■ What to produce: Using the records provided below, locate and copy each line that contains the word "SampleTime".

■ Record extracts:
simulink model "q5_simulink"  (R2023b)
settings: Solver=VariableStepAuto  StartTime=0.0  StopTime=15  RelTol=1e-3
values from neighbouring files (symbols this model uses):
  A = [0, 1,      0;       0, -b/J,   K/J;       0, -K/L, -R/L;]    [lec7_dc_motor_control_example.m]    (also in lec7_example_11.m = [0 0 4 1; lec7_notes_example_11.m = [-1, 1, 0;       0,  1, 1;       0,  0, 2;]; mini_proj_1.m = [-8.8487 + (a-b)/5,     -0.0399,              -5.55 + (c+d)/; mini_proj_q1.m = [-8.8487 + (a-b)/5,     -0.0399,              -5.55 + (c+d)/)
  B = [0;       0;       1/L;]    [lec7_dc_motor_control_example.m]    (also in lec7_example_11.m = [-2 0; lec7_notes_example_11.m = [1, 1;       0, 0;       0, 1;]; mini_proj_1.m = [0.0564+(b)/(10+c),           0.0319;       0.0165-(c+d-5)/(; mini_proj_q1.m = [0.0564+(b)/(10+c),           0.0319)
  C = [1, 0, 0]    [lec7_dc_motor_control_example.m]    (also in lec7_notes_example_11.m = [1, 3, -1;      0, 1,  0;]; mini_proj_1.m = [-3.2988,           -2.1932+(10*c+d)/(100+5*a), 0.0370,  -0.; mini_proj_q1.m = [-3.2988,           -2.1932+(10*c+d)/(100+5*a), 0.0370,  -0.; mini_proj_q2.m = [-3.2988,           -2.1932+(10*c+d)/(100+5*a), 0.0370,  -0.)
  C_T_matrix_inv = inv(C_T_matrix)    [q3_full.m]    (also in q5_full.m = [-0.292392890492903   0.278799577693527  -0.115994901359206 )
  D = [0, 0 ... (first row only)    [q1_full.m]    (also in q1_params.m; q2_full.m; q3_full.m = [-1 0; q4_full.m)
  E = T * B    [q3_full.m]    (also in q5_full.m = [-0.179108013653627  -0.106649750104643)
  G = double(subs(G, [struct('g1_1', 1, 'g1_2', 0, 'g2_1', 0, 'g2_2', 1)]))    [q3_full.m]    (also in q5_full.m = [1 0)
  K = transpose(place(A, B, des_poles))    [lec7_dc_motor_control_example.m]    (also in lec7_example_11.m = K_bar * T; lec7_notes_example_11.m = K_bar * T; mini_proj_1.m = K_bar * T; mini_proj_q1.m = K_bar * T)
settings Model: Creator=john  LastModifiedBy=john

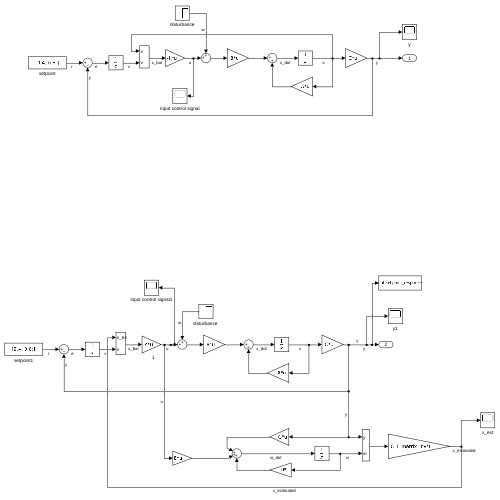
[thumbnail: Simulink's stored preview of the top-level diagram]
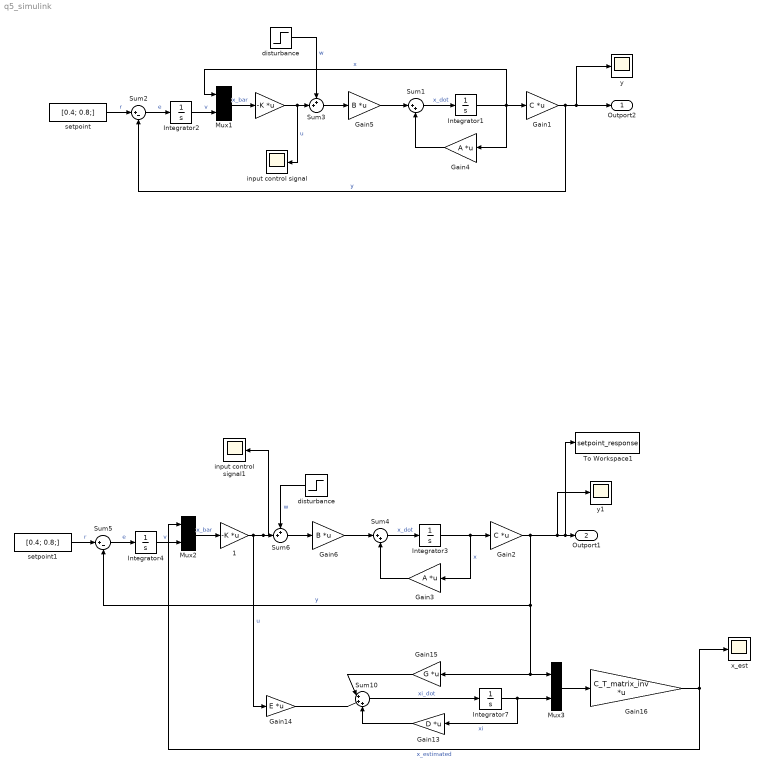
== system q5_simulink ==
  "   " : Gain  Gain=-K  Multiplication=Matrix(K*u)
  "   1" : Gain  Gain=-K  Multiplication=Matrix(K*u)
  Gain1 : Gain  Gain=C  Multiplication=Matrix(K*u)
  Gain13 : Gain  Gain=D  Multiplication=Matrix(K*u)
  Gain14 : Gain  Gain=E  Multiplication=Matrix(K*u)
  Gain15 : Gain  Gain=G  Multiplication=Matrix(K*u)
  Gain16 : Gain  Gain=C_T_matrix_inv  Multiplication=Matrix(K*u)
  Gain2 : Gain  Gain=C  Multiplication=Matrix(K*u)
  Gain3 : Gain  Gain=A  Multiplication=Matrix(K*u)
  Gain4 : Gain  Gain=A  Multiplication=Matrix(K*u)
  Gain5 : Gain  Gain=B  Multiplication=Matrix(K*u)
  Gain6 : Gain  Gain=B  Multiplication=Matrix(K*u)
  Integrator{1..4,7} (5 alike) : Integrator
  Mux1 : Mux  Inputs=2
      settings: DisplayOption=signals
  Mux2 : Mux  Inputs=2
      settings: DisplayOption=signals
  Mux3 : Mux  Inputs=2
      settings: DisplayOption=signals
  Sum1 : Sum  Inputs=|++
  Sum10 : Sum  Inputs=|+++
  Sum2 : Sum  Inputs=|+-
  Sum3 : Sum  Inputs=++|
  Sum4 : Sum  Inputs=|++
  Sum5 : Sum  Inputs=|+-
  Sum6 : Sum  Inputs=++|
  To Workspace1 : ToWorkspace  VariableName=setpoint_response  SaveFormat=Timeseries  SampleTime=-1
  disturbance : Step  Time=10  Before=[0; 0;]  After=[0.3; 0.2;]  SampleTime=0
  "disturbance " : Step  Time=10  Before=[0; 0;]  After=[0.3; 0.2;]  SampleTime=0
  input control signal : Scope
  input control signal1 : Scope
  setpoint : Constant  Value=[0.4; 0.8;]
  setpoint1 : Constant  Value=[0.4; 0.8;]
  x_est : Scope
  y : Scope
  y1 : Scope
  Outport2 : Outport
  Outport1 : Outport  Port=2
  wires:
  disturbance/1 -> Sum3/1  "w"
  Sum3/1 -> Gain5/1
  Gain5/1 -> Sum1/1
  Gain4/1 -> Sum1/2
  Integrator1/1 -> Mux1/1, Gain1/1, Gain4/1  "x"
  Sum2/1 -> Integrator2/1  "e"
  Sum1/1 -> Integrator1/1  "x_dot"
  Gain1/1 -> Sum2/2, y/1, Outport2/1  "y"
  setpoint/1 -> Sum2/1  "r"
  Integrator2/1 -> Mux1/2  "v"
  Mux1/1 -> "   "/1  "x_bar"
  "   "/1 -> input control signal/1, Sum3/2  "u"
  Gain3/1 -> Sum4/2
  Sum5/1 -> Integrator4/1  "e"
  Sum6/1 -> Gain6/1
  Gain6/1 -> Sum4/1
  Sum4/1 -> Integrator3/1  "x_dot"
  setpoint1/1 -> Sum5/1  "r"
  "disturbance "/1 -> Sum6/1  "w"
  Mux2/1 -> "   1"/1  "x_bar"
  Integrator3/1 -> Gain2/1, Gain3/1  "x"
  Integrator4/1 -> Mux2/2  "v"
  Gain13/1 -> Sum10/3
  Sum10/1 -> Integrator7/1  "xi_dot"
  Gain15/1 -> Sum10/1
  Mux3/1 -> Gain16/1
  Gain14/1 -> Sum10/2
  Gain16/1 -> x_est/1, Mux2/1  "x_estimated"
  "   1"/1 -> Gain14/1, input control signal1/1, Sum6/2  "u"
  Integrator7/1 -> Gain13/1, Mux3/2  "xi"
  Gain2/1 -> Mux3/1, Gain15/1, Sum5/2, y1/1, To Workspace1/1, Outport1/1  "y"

■ Answer for the task:
  To Workspace1 : ToWorkspace  VariableName=setpoint_response  SaveFormat=Timeseries  SampleTime=-1
  disturbance : Step  Time=10  Before=[0; 0;]  After=[0.3; 0.2;]  SampleTime=0
  "disturbance " : Step  Time=10  Before=[0; 0;]  After=[0.3; 0.2;]  SampleTime=0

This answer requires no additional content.